Figure: Equilibrium constants $K_{eq}$ (Left) and reaction free energies ${\Delta }F$ (Right) are plotted in kJ$\,$mol$^{-1}$ as a function of the tube radius in a bundle at different temperatures in [K] (see the legend).

The simulation of the bundle and nanotube models demonstrates the bigger sorption abilities of the concave surfaces. However, it suggests also the weaker attractive capabilities of the convex surfaces. Since the curvatures on the bundle boundaries are bent negatively, the outer surface of the rope is suggested to physisorb hydrogen molecules more ineffectively even than the graphene sheet. As a consequence, this results to a dramatic decrease in the gravimetric storage capacities of the bundles.
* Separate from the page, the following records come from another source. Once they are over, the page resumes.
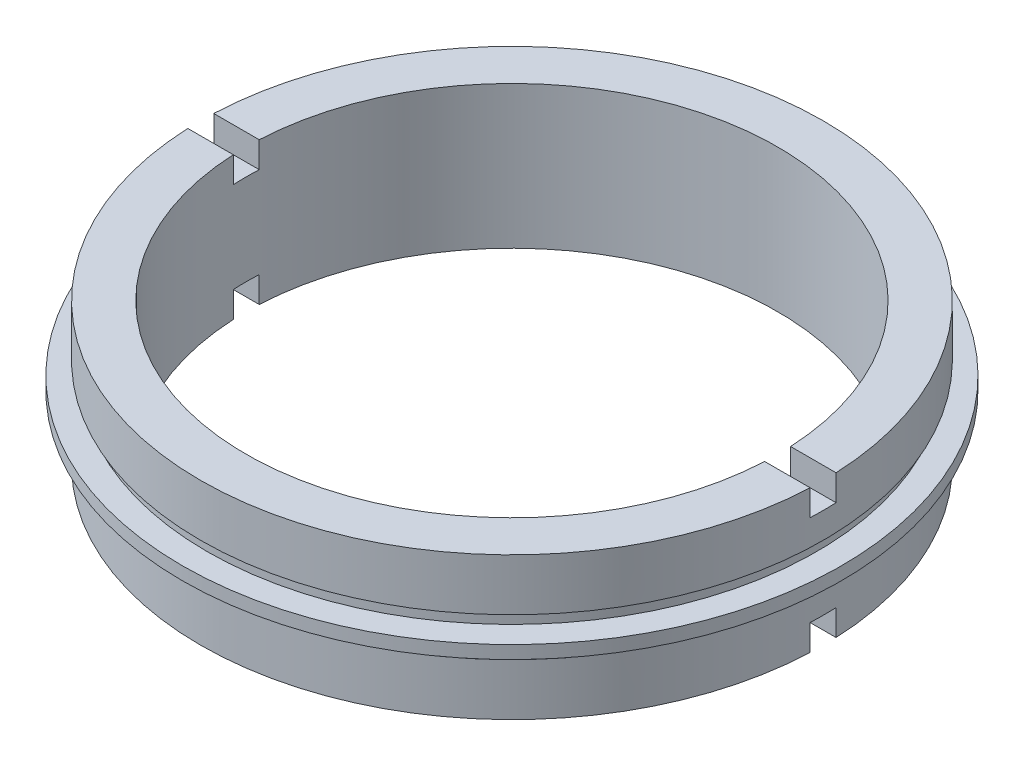
SolidWorks part; units mm, degrees
ref_plane "前视基准面" through (0, 0, 0) normal (0, 0, 1) x (1, 0, 0)
ref_plane "上视基准面" through (0, 0, 0) normal (0, 1, 0) x (1, 0, 0)
ref_plane "右视基准面" through (0, 0, 0) normal (1, 0, 0) x (0, 0, -1)
sketch "草图1" plane through (0, 0, 0) normal (0, 0, 1) x (1, 0, 0)
  line L0 (0, 22.6775) -> (0, 0) construction
  line L1 (-20.5, 11) -> (-24, 11)
  line L2 (-24, 11) -> (-24, 7)
  line L3 (-24, 7) -> (-23.5, 7)
  line L4 (-23.5, 7) -> (-23.5, 6)
  line L5 (-23.5, 6) -> (-25.4, 6)
  line L6 (-25.4, 6) -> (-25.4, 5)
  line L7 (-25.4, 5) -> (-23.5, 5)
  line L8 (-23.5, 5) -> (-23.5, 4)
  line L9 (-23.5, 4) -> (-24, 4)
  line L10 (-24, 4) -> (-24, 0)
  line L11 (-24, 0) -> (-20.5, 0)
  line L12 (-20.5, 0) -> (-20.5, 11)
  point P5 (-25.4, 5.5)
  dimension "D1" = 11
  dimension "D2" = 1
  dimension "D3" = 1
  dimension "D4" = 5
  dimension "D5" = 5
  dimension "D6" = 24
  dimension "D7" = 25.4
  dimension "D8" = 24
  dimension "D9" = 23.5
  dimension "D10" = 23.5
  dimension "D11" = 20.5
  dimension "D12" = 0
revolve "旋转1" add sketch "草图1" angle 360 about L0
cosmetic thread "装饰螺纹线1" parameters "D2"=47
cosmetic thread "装饰螺纹线2" parameters "D2"=47
cosmetic thread "装饰螺纹线3" parameters "D2"=42
sketch "草图2" plane through (0, 0, 0) normal (1, 0, 0) x (0, 0, -1)
  line L0 (20.5, 11) -> (-20.5, 11) construction
  line L1 (-1, 13.594) -> (1, 13.594)
  line L2 (-1, 13.594) -> (-1, 9)
  line L3 (-1, 9) -> (1, 9)
  line L4 (1, 13.594) -> (1, 9)
  line L5 (-1, 2) -> (1, 2)
  line L6 (-1, 2) -> (-1, -4.6679)
  line L7 (-1, -4.6679) -> (1, -4.6679)
  line L8 (1, 2) -> (1, -4.6679)
  dimension "D1" = 2
  dimension "D2" = 1
  dimension "D3" = 2
  dimension "D4" = 1
  dimension "D5" = 2
  dimension "D6" = 2
extrude "切除-拉伸1" cut sketch "草图2" against normal mid plane 79
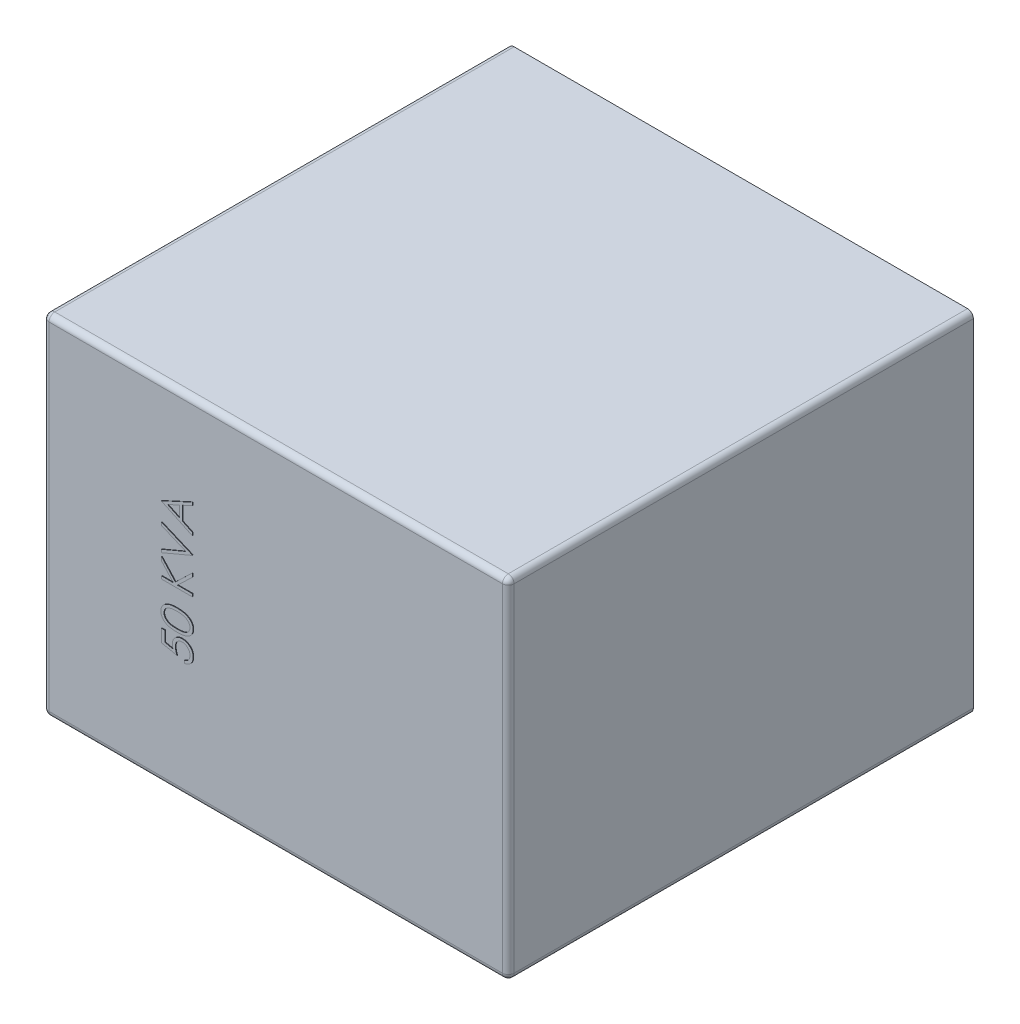
SolidWorks part; units mm, degrees
ref_plane "Alzado" through (0, 0, 0) normal (0, 0, 1) x (1, 0, 0)
ref_plane "Planta" through (0, 0, 0) normal (0, 1, 0) x (1, 0, 0)
ref_plane "Vista lateral" through (0, 0, 0) normal (1, 0, 0) x (0, 0, -1)
sketch "Croquis1" plane through (0, 0, 0) normal (0, 0, 1) x (1, 0, 0)
  line L1 (-400, -300) -> (400, -300)
  line L2 (-400, -300) -> (-400, 300)
  line L3 (-400, 300) -> (400, 300)
  line L4 (400, -300) -> (400, 300)
  line L5 (-400, -300) -> (400, 300) construction
  line L6 (-400, 300) -> (400, -300) construction
  point P0 (0, 0)
  dimension "D1" = 800
  dimension "D2" = 600
extrude "Saliente-Extruir1" add sketch "Croquis1" along normal blind 800
sketch "Croquis2" plane through (0, 0, 800) normal (0, 0, 1) x (1, 0, 0)
  line L0 (-142.4086, -225.8313) -> (-142.4086, 220.7754) construction
  text T0 "      50 KVA" font "Century Gothic" height in points 200
extrude "Saliente-Extruir2" add sketch "Croquis2" along normal blind 1
fillet "Redondeo1" radius 10 8 edges at (0, 300, 800) (-400, 300, 400) (-400, 0, 800) (-400, -300, 400) (0, -300, 800) (400, -300, 400) (400, 300, 400) (400, 0, 800)
sketch "Croquis3" plane through (-400, 0, 0) normal (-1, 0, 0) x (0, 0, 1)
  line L1 (463.7781, 183.9283) -> (679.7672, 183.9283)
  line L2 (463.7781, 183.9283) -> (463.7781, -183.9283)
  line L3 (463.7781, -183.9283) -> (679.7672, -183.9283)
  line L4 (679.7672, 183.9283) -> (679.7672, -183.9283)
  line L5 (463.7781, 183.9283) -> (679.7672, -183.9283) construction
  line L6 (463.7781, -183.9283) -> (679.7672, 183.9283) construction
  line L7 (465.7144, 180.6305) -> (677.8309, 180.6305)
  line L8 (465.7144, 180.6305) -> (465.7144, -180.6305)
  line L9 (465.7144, -180.6305) -> (677.8309, -180.6305)
  line L10 (677.8309, 180.6305) -> (677.8309, -180.6305)
  line L11 (465.7144, 180.6305) -> (677.8309, -180.6305) construction
  line L12 (465.7144, -180.6305) -> (677.8309, 180.6305) construction
  point P0 (571.7726, 0)
  point P5 (571.7726, 0)
extrude "Saliente-Extruir3" add sketch "Croquis3" along normal blind 100
sketch "Croquis4" plane through (-400, 0, 0) normal (-1, 0, 0) x (0, 0, 1)
  line L1 (544.2415, 123.1887) -> (599.3037, 123.1887)
  line L2 (544.2415, 123.1887) -> (544.2415, 133.8236)
  line L3 (544.2415, 133.8236) -> (599.3037, 133.8236)
  line L4 (599.3037, 123.1887) -> (599.3037, 133.8236)
  line L5 (544.2415, 123.1887) -> (599.3037, 133.8236) construction
  line L6 (544.2415, 133.8236) -> (599.3037, 123.1887) construction
  line L7 (544.2415, 59.3795) -> (599.3037, 59.3795)
  line L8 (544.2415, 59.3795) -> (544.2415, 50.074)
  line L9 (544.2415, 50.074) -> (599.3037, 50.074)
  line L10 (599.3037, 59.3795) -> (599.3037, 50.074)
  line L11 (544.2415, 59.3795) -> (599.3037, 50.074) construction
  line L12 (544.2415, 50.074) -> (599.3037, 59.3795) construction
  line L13 (544.2415, -62.2569) -> (599.3037, -62.2569)
  line L14 (544.2415, -62.2569) -> (544.2415, -51.622)
  line L15 (544.2415, -51.622) -> (599.3037, -51.622)
  line L16 (599.3037, -62.2569) -> (599.3037, -51.622)
  line L17 (544.2415, -62.2569) -> (599.3037, -51.622) construction
  line L18 (544.2415, -51.622) -> (599.3037, -62.2569) construction
  line L19 (544.2415, -133.3776) -> (599.3037, -133.3776)
  line L20 (544.2415, -133.3776) -> (544.2415, -124.0721)
  line L21 (544.2415, -124.0721) -> (599.3037, -124.0721)
  line L22 (599.3037, -133.3776) -> (599.3037, -124.0721)
  line L23 (544.2415, -133.3776) -> (599.3037, -124.0721) construction
  line L24 (544.2415, -124.0721) -> (599.3037, -133.3776) construction
  point P0 (571.7726, 128.5062)
  point P5 (571.7726, 54.7267)
  point P10 (571.7726, -56.9395)
  point P15 (571.7726, -128.7249)
extrude "Saliente-Extruir4" add sketch "Croquis4" along normal blind 100
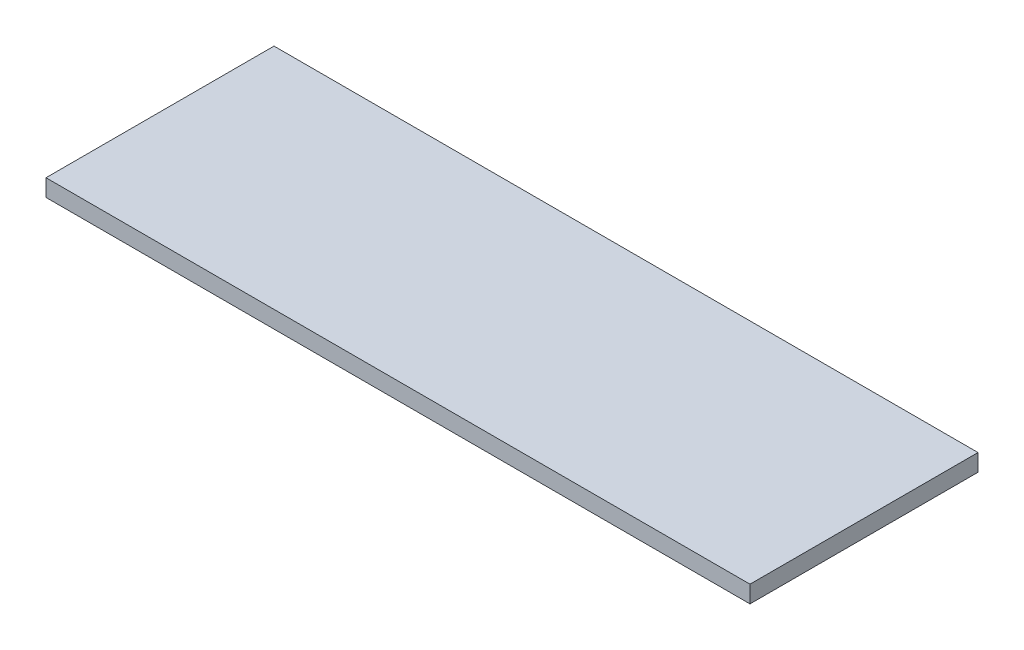
SolidWorks part; units mm, degrees
ref_plane "Front Plane" through (0, 0, 0) normal (0, 0, 1) x (1, 0, 0)
ref_plane "Top Plane" through (0, 0, 0) normal (0, 1, 0) x (1, 0, 0)
ref_plane "Right Plane" through (0, 0, 0) normal (1, 0, 0) x (0, 0, -1)
sketch "Sketch1" plane through (0, 0, 0) normal (0, 1, 0) x (1, 0, 0)
  line L1 (0, 0) -> (247, 0)
  line L2 (0, 0) -> (0, 80)
  line L3 (0, 80) -> (247, 80)
  line L4 (247, 0) -> (247, 80)
  dimension "D1" = 80
  dimension "D2" = 247
extrude "Boss-Extrude1" add sketch "Sketch1" along normal blind 6

This effect has been nicely demonstrated by Williams and Eklund [64]. They define first the total endohedral (innertubular) surface, interstitial (intertubular) and the external rope surface for bundle of nanotubes with 13.6 Å and tube-tube distance of 3.2 Å. The interaction potential values are in reasonable agreement with the ones presented hereby. However, they show that the increase of the outer surface of the rope leads to a decrease of the H2 gravimetric storage capacity of the material. In other words, the total mass of carbon atoms (situated mainly on the outer surface of the bundle) attracting inefficiently hydrogen molecules increases.